According to an example in pymc3.tests/text_mixture.py

def test_normal_mixture_nd(self):
        nd, ncomp = 3, 5

        with Model() as model0:
            mus = Normal('mus', shape=(nd, ncomp))
            taus = Gamma('taus', alpha=1, beta=1, shape=(nd, ncomp))
            ws = Dirichlet('ws', np.ones(ncomp))
            mixture0 = NormalMixture('m', w=ws, mu=mus, tau=taus, shape=nd)

        with Model() as model1:
            mus = Normal('mus', shape=(nd, ncomp))
            taus = Gamma('taus', alpha=1, beta=1, shape=(nd, ncomp))
            ws = Dirichlet('ws', np.ones(ncomp))
            comp_dist = [Normal.dist(mu=mus[:, i], tau=taus[:, i])
                         for i in range(ncomp)]
            mixture1 = Mixture('m', w=ws, comp_dists=comp_dist, shape=nd)

        testpoint = model0.test_point
        testpoint['mus'] = np.random.randn(nd, ncomp)
        assert_allclose(model0.logp(testpoint), model1.logp(testpoint))
assert_allclose(mixture0.logp(testpoint), mixture1.logp(testpoint))

I create the model as follows:

# set up model
nd = 2
ncomp = 3
with pm.Model() as model0:
    mus = pm.Normal('mus', shape=(nd, ncomp))
    taus = pm.Gamma('taus', alpha=1, beta=1, shape=(nd, ncomp))
    ws = pm.Dirichlet('ws', np.ones(ncomp))
    mixture0 = pm.NormalMixture('m', w=ws, mu=mus, tau=taus, observed=X)

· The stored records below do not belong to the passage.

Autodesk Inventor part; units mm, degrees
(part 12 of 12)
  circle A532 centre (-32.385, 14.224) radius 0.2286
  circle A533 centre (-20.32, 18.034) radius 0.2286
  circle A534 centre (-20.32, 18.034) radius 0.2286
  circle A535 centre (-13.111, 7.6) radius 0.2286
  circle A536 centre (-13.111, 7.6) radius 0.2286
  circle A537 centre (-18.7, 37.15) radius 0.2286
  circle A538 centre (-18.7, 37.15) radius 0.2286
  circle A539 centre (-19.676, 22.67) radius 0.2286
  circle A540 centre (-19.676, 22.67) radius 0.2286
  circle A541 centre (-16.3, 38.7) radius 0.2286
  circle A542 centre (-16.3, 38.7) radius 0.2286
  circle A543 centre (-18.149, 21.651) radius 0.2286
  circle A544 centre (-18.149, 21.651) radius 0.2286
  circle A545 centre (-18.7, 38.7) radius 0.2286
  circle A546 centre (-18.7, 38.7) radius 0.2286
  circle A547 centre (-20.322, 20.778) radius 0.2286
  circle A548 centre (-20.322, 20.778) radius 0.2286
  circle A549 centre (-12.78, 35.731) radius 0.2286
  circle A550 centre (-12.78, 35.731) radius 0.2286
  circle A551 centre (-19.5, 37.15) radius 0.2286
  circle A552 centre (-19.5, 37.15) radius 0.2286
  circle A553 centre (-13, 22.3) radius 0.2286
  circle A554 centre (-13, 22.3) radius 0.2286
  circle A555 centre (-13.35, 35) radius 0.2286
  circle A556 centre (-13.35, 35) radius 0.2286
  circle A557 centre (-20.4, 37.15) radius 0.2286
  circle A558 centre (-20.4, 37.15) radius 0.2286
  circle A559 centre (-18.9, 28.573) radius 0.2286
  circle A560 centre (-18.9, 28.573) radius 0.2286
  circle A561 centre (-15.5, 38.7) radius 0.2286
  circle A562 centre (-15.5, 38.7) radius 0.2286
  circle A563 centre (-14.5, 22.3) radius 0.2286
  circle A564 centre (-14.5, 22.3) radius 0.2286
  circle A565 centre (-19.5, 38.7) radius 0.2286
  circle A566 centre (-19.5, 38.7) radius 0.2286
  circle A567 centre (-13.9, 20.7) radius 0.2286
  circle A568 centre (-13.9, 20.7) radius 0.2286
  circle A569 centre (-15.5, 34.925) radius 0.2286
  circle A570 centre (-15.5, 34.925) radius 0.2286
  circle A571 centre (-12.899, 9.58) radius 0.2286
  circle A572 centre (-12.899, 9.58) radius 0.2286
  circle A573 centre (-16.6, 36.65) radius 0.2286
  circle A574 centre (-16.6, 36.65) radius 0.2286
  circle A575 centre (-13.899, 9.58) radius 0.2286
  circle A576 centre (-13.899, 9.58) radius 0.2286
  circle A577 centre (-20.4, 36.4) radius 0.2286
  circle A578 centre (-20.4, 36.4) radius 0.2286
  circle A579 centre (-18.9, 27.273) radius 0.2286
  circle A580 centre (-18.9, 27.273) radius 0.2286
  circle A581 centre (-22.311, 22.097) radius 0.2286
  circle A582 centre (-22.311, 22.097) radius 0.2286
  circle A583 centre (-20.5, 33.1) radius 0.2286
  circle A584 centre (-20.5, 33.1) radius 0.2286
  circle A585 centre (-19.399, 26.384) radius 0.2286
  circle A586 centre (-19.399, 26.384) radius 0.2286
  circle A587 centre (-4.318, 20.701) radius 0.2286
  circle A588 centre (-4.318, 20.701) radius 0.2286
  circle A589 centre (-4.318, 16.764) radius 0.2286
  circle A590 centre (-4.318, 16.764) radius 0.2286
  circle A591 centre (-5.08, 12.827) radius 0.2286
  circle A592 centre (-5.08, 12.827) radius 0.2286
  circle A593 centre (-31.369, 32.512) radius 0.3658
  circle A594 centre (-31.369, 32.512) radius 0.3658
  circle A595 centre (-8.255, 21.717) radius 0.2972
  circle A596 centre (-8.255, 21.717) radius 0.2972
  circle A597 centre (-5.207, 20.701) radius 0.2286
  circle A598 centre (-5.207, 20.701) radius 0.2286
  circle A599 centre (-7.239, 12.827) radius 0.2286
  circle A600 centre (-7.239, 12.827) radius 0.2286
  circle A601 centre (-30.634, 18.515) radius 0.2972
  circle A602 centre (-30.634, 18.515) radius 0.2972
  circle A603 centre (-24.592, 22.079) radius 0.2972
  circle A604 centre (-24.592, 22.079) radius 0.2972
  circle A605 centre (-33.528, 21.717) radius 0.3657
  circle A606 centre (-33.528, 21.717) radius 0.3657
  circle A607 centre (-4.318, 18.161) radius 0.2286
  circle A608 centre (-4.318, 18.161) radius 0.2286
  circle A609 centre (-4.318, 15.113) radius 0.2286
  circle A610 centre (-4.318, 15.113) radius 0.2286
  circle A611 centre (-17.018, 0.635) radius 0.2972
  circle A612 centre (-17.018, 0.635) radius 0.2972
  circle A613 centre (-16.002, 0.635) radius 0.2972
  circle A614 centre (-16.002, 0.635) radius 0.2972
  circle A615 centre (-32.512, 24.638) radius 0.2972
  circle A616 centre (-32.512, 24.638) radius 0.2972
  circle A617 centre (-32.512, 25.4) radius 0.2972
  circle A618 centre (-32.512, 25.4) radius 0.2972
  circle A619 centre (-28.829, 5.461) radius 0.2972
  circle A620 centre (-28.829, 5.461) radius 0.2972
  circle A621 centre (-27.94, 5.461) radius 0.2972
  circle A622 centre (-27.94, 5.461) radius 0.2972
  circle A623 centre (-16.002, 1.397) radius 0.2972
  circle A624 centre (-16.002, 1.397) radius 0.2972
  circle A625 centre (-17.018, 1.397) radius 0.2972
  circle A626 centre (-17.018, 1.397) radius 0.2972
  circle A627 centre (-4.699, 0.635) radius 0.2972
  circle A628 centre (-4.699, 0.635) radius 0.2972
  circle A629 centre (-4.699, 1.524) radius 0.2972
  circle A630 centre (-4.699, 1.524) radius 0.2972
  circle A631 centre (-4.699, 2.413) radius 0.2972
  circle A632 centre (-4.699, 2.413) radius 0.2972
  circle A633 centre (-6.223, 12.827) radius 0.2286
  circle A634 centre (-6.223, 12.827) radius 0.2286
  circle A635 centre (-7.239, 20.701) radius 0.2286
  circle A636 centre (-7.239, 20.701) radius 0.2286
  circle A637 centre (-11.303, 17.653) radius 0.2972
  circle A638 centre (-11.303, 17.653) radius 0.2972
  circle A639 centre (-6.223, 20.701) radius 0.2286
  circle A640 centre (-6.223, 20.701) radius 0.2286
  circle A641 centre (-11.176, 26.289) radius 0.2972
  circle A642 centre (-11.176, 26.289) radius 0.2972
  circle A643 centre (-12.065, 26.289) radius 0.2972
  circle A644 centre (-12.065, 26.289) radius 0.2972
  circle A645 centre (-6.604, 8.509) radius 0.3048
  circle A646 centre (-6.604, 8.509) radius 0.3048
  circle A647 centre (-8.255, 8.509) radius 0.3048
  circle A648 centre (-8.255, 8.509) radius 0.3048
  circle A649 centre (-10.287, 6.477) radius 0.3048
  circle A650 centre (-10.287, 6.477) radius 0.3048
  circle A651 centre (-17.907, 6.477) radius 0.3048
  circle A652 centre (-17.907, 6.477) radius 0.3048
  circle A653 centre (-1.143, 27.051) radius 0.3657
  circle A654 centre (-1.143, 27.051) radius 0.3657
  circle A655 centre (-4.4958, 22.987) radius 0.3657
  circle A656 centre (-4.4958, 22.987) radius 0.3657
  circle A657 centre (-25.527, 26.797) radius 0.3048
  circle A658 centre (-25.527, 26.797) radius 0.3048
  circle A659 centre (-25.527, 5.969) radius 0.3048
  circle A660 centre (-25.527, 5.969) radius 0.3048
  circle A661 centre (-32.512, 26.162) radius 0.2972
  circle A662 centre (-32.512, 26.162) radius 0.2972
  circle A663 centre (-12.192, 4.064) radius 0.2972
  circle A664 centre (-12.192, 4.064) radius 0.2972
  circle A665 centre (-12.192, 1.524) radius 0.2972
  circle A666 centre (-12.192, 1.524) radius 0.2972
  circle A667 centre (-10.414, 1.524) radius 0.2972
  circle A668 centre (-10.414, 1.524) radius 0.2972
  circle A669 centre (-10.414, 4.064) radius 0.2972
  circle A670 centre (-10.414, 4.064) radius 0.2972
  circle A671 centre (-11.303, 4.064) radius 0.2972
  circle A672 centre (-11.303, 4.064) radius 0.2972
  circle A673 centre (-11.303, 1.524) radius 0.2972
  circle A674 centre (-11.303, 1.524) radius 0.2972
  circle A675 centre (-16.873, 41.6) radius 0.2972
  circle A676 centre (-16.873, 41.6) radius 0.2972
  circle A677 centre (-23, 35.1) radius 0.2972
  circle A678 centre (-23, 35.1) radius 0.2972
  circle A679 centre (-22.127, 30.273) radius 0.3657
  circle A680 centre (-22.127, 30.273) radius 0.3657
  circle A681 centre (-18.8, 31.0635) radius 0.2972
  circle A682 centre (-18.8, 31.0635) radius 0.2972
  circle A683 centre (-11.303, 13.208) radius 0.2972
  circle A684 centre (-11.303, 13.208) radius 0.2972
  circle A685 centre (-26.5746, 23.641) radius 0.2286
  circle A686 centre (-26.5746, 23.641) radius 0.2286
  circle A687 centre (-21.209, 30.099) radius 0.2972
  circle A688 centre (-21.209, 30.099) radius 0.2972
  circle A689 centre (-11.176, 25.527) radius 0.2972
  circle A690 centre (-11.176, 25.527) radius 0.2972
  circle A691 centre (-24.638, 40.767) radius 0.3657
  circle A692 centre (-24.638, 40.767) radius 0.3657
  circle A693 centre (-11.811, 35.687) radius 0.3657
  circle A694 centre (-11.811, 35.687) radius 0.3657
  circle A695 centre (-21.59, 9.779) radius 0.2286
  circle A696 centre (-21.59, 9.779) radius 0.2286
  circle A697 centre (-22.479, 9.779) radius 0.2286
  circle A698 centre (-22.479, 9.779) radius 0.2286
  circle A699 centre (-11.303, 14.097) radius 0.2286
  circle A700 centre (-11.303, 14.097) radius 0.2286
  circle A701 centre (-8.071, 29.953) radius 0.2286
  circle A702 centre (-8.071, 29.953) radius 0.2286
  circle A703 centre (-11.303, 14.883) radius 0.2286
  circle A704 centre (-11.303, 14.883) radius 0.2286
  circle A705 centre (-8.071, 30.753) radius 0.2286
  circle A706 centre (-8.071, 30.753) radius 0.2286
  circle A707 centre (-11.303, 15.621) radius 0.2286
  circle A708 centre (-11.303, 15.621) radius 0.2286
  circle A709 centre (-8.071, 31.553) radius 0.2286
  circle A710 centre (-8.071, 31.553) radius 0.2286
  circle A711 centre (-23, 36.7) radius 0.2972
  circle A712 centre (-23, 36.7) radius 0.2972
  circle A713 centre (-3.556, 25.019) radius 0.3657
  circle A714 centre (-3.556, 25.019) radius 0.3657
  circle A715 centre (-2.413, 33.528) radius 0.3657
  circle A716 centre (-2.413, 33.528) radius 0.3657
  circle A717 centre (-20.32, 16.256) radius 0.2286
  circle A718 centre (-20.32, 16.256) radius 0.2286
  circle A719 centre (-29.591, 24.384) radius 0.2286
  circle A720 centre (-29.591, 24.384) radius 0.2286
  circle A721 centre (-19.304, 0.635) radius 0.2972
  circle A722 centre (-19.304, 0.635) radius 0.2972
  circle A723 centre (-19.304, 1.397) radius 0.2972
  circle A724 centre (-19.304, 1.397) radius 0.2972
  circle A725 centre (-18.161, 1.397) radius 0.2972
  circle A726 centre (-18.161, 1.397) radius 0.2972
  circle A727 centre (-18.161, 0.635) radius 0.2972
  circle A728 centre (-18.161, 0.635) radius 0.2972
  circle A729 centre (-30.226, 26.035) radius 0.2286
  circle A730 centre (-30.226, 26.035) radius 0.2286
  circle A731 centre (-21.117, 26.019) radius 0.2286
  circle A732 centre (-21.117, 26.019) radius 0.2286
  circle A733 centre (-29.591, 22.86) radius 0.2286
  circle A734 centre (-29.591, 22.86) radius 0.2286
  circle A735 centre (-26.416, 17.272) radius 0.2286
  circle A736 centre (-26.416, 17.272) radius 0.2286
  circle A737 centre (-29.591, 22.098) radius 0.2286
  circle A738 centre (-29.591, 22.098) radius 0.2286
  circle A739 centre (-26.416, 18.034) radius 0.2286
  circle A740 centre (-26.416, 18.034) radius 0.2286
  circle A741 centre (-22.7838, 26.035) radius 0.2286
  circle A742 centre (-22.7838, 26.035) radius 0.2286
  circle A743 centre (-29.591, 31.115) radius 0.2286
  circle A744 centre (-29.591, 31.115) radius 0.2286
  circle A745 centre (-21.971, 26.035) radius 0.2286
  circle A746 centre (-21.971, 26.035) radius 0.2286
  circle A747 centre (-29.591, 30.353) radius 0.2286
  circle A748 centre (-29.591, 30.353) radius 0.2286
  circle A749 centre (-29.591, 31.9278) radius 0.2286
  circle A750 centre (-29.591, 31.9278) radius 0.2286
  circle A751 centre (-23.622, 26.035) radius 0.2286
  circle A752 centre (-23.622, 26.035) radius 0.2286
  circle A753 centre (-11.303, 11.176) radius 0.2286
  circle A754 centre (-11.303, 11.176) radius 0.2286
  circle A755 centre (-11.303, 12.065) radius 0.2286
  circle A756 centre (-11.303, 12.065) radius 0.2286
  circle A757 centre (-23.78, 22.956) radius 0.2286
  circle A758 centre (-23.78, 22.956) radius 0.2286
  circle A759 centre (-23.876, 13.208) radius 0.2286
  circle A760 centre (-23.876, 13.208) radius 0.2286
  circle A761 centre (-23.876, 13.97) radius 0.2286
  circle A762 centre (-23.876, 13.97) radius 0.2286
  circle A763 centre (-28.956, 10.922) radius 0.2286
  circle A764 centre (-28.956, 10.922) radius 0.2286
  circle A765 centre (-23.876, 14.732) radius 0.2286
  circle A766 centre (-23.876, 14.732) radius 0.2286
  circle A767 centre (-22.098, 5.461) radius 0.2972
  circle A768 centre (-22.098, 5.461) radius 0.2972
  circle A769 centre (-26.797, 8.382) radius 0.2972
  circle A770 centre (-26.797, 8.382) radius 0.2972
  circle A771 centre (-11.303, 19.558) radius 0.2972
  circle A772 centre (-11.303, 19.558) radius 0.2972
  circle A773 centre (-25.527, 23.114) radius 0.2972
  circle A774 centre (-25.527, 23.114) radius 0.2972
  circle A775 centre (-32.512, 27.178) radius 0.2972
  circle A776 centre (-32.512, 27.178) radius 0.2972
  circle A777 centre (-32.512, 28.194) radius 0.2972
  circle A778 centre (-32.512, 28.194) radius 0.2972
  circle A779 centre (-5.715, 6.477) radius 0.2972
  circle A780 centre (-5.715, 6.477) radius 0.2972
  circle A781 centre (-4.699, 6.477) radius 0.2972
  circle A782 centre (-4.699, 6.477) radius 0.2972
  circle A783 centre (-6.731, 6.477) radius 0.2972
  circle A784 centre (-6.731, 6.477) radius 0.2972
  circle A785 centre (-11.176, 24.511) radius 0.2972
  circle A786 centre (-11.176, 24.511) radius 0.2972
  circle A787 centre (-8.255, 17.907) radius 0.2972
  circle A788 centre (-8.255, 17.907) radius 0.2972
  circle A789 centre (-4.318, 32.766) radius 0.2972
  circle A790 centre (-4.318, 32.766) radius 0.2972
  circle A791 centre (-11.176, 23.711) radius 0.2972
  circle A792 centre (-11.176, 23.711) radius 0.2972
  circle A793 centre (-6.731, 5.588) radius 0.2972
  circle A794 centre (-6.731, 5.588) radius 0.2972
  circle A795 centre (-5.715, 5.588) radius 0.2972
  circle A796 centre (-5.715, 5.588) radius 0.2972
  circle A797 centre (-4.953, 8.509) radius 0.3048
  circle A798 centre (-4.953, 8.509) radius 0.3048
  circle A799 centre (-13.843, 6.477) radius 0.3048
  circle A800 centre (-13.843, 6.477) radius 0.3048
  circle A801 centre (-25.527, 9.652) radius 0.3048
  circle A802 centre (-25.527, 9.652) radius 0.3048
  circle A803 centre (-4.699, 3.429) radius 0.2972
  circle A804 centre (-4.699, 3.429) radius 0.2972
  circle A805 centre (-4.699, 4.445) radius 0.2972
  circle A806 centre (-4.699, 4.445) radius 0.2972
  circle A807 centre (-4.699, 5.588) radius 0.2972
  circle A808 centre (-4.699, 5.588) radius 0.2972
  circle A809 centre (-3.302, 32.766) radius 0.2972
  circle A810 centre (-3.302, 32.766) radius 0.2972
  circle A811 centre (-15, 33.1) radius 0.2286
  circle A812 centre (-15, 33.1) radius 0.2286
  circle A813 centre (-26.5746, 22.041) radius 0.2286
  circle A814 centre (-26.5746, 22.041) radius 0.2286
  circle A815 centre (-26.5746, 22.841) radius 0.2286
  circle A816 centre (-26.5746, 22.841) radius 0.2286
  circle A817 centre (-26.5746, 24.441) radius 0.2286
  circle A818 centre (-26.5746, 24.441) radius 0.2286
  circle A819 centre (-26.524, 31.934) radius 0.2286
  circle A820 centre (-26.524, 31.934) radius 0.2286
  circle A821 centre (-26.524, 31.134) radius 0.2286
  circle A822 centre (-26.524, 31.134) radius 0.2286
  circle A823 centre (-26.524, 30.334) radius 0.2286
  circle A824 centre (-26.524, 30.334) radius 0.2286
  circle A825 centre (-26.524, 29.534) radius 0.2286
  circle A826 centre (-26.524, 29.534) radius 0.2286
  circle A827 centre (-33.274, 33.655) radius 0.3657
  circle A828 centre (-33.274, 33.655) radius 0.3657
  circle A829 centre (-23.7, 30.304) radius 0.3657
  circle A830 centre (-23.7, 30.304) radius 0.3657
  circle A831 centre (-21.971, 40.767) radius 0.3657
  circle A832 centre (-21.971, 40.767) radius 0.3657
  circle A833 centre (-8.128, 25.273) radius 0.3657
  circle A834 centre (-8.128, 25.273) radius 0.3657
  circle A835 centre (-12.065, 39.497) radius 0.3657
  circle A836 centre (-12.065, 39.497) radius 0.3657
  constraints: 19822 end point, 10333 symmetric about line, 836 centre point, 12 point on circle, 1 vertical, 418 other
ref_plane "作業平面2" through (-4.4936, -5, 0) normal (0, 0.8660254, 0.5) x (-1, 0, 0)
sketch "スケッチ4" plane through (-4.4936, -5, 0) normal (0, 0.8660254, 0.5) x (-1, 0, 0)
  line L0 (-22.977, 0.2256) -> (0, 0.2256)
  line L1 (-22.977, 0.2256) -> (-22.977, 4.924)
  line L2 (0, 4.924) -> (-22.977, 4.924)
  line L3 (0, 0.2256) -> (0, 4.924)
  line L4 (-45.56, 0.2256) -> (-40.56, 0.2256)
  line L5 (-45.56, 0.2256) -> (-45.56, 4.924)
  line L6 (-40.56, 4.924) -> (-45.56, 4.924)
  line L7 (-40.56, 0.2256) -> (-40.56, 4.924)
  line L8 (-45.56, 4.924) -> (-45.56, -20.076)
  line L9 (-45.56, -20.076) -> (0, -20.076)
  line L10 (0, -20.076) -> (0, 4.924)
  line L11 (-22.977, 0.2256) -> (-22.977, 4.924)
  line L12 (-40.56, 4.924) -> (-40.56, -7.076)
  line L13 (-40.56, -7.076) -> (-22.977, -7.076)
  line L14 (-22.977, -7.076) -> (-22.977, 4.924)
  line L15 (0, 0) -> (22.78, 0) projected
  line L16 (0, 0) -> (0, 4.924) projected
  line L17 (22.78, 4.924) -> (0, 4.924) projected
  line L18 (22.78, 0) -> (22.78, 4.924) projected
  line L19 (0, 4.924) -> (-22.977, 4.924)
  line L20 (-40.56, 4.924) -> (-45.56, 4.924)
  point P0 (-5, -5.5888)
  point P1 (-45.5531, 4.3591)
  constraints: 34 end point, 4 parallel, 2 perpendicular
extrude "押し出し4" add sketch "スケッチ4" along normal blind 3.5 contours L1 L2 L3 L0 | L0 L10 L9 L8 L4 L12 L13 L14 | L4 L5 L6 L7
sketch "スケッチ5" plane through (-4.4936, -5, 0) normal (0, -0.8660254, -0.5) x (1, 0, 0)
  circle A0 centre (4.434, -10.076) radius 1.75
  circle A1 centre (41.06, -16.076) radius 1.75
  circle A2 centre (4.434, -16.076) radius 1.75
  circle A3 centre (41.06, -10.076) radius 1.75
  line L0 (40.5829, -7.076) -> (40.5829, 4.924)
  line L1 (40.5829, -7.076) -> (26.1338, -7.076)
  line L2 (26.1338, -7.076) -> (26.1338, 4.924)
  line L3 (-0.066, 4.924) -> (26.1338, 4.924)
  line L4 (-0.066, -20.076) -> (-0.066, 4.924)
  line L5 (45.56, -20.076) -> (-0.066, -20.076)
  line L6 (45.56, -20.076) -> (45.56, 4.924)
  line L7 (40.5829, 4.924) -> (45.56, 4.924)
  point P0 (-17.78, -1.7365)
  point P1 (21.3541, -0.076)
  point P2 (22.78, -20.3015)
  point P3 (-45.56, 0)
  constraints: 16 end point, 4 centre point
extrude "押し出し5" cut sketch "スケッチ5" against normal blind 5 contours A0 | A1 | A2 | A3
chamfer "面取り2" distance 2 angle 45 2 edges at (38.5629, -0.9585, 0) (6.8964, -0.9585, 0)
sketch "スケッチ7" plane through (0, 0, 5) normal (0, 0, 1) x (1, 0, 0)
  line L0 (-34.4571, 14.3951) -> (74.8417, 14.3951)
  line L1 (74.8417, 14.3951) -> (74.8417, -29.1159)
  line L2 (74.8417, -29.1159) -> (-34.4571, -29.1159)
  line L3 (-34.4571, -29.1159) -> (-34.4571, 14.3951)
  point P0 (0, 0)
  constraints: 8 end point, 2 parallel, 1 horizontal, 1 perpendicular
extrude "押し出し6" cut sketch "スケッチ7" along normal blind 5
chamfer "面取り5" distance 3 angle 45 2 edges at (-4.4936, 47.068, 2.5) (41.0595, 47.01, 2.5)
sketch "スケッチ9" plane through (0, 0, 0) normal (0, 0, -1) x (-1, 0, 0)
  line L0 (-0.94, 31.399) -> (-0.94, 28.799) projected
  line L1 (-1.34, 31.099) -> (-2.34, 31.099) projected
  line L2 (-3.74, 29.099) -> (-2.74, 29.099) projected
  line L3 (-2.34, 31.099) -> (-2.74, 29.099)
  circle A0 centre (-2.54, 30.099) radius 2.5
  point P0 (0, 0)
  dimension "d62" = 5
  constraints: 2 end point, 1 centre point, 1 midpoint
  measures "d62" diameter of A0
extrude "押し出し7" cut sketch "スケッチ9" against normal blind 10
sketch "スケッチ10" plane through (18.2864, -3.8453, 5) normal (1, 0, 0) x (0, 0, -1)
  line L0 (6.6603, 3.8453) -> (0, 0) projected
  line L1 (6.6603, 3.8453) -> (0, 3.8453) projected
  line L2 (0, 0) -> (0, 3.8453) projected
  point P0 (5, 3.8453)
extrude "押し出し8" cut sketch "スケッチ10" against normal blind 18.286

But it throws out error saying

Input dimension mis-match. (input[0].shape[0] = 500, input[1].shape[0] = 2)

Could you guys provide some help for this problem? Many thanks!

junpenglao · November 18, 2018, 9:47am

An ugly workaround:

# set up model
nd = 2
ncomp = 3
with pm.Model() as model0:
    mus = pm.Normal('mus', shape=(nd, ncomp))
    taus = pm.Gamma('taus', alpha=1, beta=1, shape=(nd, ncomp))
    ws = pm.Dirichlet('ws', np.ones(ncomp))
    mixture0 = pm.NormalMixture('m', 
                                w=ws, 
                                mu=mus, 
                                tau=taus, 
                                observed=np.random.randn(500, 2, 1))

As you need to evaluate the observed on each component of the comp_dist. Currently we automatically add a dimension on the right for 1D observed, but for multivariate observed it is not working yet…

blueone · November 18, 2018, 3:39pm

Thanks for the reply. I used your code above but the inference performance is not good. Hence, I turned to pm.Mixture.

I tried to create diagonal matrix using the vector tau. But pymc.math seems to not have a create-diagonal-matrix method. Hence, I used theano’s method but it seems to not be compatible with pymc’s input type.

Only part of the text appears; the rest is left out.